The world’s leading publication for data science, AI, and ML professionals.

A Parallel Implementation of Bayesian Optimization

The concept of 'optimization' is central to data science. We minimize loss by optimizing weights in a neural network. We optimize…

An introduction to a parallelizable optimization method suitable for expensive, discontinuous, or nondeterministic functions.

Image Uploaded by Author
Image Uploaded by Author

The concept of ‘optimization’ is central to data science. We minimize loss by optimizing weights in a neural network. We optimize hyper-parameters in our gradient boosted trees to find the best bias-variance trade-off. We use A-B testing to optimize behavior on our websites. Whether our function is a neural network, consumer behavior, or something more sinister, we all have something we want to optimize.

Sometimes the functions we are trying to optimize are expensive, and we wish to get to our destination in as few steps as possible. Sometimes we want to be confident that we find the best possible solution, and sometimes our functions don’t have a tractable gradient, so there is no nice arrow to point us in the right direction. Often, our functions have random elements to them, so we are really trying to optimize f(x) = y + e, where e is some random error element. __ Bayesian optimization is a function optimizer (maximizer) which thrives in these conditions.

Table of Contents

  1. What Is Bayesian Optimization
  2. Implementing From Scratch
  3. Implementing In Parallel
  4. Final Words

What Is Bayesian Optimization

Let’s say we have a function f, and we want to find the x which maximizes (or minimizes) f(x). We have many, many options. However, if our function fits the description right above the table of contents, we will definitely want to consider Bayesian optimization.

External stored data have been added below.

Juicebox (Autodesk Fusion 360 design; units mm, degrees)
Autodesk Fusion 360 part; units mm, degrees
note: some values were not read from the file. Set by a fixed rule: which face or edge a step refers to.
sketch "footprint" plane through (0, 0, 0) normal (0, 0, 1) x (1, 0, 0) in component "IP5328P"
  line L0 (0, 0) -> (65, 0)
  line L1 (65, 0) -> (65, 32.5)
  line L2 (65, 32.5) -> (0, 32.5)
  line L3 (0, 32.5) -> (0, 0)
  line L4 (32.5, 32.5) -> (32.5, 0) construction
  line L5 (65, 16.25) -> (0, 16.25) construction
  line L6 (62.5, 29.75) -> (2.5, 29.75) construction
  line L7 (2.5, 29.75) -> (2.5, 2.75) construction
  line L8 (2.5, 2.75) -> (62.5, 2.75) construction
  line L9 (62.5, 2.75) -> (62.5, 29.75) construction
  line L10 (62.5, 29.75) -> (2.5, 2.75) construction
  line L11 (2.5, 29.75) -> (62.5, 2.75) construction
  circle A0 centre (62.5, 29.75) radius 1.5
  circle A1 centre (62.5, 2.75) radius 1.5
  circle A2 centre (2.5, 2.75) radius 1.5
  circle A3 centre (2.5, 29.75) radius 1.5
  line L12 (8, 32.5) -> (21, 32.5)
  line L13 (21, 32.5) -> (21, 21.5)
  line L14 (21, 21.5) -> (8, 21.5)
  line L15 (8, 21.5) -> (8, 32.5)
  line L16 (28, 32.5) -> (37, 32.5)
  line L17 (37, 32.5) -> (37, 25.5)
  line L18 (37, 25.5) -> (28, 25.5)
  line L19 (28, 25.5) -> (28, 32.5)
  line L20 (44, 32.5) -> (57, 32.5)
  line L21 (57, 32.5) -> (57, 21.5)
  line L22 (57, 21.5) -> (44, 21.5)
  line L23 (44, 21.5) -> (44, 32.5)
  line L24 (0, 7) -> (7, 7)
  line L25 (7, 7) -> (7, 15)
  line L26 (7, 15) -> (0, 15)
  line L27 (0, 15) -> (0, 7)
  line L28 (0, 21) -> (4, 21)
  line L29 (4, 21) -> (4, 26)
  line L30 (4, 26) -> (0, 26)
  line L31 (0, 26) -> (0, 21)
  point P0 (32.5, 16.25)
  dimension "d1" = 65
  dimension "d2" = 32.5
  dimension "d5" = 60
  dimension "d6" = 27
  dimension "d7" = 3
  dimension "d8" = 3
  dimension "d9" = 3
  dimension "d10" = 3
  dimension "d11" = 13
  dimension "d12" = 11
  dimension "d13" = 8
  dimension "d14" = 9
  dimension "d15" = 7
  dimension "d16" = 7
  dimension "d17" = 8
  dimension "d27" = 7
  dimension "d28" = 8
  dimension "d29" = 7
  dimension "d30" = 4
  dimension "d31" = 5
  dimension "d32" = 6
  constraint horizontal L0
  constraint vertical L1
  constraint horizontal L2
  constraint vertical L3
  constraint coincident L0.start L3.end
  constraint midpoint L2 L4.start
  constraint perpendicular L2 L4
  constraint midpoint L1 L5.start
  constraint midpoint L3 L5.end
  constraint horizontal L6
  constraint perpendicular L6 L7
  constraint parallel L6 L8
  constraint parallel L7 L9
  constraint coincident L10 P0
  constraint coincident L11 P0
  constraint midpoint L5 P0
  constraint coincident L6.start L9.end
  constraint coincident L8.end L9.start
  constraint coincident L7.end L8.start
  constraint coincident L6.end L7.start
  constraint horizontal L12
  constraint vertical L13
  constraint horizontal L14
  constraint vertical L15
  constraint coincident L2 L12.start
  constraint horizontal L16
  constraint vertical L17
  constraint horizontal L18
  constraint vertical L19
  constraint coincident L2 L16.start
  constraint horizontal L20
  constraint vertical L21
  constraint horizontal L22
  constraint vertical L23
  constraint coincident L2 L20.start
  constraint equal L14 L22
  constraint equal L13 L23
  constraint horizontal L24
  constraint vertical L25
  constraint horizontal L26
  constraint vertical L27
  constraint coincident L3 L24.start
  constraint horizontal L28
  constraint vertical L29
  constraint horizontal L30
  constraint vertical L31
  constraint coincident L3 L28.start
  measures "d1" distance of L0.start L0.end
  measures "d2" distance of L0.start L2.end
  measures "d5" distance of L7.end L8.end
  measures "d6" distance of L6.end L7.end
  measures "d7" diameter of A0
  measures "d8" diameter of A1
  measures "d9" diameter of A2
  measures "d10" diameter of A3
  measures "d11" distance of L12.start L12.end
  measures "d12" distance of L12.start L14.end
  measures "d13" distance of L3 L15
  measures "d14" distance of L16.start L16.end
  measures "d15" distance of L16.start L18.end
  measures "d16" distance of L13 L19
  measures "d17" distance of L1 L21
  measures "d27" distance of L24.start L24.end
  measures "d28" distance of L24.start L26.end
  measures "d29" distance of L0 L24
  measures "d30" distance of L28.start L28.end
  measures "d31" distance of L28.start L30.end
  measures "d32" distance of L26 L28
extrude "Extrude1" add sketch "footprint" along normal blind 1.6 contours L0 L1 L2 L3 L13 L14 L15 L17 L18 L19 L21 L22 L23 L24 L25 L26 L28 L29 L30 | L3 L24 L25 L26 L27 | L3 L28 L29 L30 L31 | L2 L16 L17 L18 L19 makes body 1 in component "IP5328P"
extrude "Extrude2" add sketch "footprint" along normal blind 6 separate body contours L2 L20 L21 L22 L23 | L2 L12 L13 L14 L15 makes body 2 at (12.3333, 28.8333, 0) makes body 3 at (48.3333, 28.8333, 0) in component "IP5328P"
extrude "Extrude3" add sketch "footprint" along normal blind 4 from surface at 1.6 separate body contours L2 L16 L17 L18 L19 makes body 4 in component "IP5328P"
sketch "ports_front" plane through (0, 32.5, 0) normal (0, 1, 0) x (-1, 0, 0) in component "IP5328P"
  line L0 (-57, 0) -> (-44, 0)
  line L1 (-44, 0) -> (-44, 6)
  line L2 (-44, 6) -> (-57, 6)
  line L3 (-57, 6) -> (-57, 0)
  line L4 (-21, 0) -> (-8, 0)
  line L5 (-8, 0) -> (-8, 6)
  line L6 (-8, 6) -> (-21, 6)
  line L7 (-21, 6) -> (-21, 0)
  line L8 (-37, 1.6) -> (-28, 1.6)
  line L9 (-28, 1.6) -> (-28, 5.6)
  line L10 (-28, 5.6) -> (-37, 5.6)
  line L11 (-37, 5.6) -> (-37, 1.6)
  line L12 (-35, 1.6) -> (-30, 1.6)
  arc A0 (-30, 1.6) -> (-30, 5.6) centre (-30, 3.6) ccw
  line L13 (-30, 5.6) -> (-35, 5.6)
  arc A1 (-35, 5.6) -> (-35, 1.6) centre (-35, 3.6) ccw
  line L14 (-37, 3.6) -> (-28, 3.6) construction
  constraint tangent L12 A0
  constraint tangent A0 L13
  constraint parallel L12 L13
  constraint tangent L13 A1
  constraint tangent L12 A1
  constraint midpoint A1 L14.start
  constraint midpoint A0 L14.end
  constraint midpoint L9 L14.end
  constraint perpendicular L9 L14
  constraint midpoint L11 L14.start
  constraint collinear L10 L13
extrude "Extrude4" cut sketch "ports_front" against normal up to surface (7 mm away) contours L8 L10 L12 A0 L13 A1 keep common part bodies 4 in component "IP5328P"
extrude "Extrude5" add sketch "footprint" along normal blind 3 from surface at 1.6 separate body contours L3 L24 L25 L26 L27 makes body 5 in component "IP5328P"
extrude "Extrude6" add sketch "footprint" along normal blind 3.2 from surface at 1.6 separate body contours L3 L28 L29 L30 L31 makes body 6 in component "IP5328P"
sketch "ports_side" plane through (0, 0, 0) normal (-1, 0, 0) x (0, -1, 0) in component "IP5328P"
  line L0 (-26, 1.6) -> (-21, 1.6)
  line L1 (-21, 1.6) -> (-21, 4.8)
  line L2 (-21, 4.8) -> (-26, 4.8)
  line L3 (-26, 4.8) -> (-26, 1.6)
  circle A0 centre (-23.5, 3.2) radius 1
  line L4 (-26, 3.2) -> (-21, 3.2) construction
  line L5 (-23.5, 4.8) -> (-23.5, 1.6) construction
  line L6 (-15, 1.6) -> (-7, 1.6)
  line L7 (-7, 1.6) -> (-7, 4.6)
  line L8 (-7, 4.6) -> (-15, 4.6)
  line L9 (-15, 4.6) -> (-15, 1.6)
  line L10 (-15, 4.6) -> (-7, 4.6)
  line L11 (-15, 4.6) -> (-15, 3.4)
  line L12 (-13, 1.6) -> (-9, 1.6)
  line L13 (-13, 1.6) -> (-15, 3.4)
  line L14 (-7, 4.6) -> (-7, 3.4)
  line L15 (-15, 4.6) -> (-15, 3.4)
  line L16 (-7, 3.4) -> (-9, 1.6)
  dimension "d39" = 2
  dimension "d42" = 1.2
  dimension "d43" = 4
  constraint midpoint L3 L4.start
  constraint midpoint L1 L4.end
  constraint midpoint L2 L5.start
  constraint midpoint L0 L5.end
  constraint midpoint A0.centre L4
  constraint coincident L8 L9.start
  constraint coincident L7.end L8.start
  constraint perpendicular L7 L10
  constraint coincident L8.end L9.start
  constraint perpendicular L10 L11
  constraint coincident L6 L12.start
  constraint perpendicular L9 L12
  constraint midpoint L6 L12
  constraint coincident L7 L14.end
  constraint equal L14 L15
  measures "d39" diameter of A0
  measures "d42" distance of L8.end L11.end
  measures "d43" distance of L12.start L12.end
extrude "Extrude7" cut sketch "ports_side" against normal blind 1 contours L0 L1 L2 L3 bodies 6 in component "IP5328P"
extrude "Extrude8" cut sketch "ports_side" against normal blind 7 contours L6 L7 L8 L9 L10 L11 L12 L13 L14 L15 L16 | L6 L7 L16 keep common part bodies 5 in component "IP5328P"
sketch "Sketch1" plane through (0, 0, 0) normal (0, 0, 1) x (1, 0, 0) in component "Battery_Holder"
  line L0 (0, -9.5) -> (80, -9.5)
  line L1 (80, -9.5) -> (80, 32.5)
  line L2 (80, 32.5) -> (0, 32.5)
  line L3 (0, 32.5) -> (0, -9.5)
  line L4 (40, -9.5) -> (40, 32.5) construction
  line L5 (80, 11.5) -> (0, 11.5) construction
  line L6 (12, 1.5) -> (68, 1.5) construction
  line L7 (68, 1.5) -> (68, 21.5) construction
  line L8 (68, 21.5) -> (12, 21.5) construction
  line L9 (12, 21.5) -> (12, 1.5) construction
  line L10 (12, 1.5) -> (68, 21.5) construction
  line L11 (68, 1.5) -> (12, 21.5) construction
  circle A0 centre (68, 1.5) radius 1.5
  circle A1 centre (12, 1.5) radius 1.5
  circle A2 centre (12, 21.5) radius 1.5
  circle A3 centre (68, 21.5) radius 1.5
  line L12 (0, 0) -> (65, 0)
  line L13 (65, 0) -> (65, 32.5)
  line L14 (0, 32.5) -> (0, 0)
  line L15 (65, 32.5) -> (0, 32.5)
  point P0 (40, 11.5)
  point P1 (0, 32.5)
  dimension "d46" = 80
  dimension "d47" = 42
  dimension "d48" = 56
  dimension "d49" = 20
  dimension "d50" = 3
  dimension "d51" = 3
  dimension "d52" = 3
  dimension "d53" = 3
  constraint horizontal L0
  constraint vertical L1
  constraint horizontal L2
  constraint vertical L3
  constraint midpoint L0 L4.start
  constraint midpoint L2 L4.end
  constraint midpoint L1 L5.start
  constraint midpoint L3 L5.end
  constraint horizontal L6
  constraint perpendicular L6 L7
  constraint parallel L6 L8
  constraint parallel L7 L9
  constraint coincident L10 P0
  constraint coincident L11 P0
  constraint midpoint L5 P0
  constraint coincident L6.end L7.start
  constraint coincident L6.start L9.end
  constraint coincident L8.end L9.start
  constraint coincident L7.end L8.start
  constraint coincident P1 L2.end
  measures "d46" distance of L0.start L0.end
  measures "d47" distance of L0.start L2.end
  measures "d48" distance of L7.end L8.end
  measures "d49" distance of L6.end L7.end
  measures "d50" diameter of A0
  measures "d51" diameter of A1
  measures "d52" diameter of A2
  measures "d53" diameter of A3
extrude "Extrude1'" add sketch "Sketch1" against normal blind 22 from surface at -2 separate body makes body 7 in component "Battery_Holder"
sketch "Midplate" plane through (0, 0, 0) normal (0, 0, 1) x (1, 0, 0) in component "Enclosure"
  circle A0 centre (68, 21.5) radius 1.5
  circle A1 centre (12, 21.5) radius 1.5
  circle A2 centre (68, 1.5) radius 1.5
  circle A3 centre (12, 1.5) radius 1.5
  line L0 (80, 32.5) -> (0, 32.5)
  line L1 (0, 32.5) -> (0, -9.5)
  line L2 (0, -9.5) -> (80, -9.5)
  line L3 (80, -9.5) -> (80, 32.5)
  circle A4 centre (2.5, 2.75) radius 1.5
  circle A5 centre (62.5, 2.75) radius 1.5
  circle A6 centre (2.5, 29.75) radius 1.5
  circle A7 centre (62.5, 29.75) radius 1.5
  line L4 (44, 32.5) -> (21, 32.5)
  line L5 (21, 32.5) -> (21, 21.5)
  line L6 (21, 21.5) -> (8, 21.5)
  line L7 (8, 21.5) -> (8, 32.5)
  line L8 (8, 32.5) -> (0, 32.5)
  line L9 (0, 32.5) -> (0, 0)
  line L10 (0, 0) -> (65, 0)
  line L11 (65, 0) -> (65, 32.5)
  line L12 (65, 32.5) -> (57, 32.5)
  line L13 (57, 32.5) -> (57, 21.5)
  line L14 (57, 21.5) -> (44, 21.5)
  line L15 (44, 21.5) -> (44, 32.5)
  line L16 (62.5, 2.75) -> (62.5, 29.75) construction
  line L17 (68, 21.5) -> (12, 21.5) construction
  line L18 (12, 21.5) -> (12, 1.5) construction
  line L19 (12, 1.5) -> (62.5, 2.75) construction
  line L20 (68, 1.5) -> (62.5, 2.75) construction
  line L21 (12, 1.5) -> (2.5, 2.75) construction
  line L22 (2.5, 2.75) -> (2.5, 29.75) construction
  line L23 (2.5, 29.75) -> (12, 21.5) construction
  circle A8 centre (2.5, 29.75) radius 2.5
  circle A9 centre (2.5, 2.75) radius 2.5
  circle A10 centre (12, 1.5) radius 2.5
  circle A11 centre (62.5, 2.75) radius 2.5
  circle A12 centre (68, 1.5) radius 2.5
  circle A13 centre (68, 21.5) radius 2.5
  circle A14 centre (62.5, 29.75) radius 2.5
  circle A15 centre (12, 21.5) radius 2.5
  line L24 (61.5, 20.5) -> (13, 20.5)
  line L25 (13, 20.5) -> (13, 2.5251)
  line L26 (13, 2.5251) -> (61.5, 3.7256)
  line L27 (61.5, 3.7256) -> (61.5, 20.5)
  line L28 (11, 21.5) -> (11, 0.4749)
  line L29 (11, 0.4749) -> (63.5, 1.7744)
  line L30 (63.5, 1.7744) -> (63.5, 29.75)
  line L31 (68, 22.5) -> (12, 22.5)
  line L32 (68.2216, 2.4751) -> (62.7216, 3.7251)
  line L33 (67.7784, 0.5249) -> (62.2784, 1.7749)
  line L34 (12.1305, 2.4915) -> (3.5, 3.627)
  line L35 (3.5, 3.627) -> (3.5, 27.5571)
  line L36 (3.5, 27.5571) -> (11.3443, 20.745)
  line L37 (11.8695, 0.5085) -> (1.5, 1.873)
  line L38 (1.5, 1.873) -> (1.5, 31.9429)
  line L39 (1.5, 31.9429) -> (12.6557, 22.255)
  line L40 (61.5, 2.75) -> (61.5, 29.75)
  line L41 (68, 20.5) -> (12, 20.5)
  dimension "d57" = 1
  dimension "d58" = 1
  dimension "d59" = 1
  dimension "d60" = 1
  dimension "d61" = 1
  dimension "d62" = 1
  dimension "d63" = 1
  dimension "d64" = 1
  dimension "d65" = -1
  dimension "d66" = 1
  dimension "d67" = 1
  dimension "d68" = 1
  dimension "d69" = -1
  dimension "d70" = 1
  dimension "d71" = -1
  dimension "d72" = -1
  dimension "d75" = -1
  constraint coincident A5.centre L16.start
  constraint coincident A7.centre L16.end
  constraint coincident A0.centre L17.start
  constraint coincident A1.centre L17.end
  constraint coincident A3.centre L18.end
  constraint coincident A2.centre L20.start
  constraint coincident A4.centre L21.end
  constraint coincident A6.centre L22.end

There are several different methods for performing Bayesian optimization. All of them involve creating an assumption about how certain things are distributed, making a decision based on that assumption, and then updating the assumption.

The method in this article uses Gaussian processes to create an assumption about how f(x) is distributed. These processes can be thought of as a distribution of functions – where drawing a random sample from a Gaussian distribution results in a number, drawing a random sample from a Gaussian process results in a function. If you are not familiar with Gaussian processes, this is a little hard to picture. I recommend this video, which is what made the concept click for me.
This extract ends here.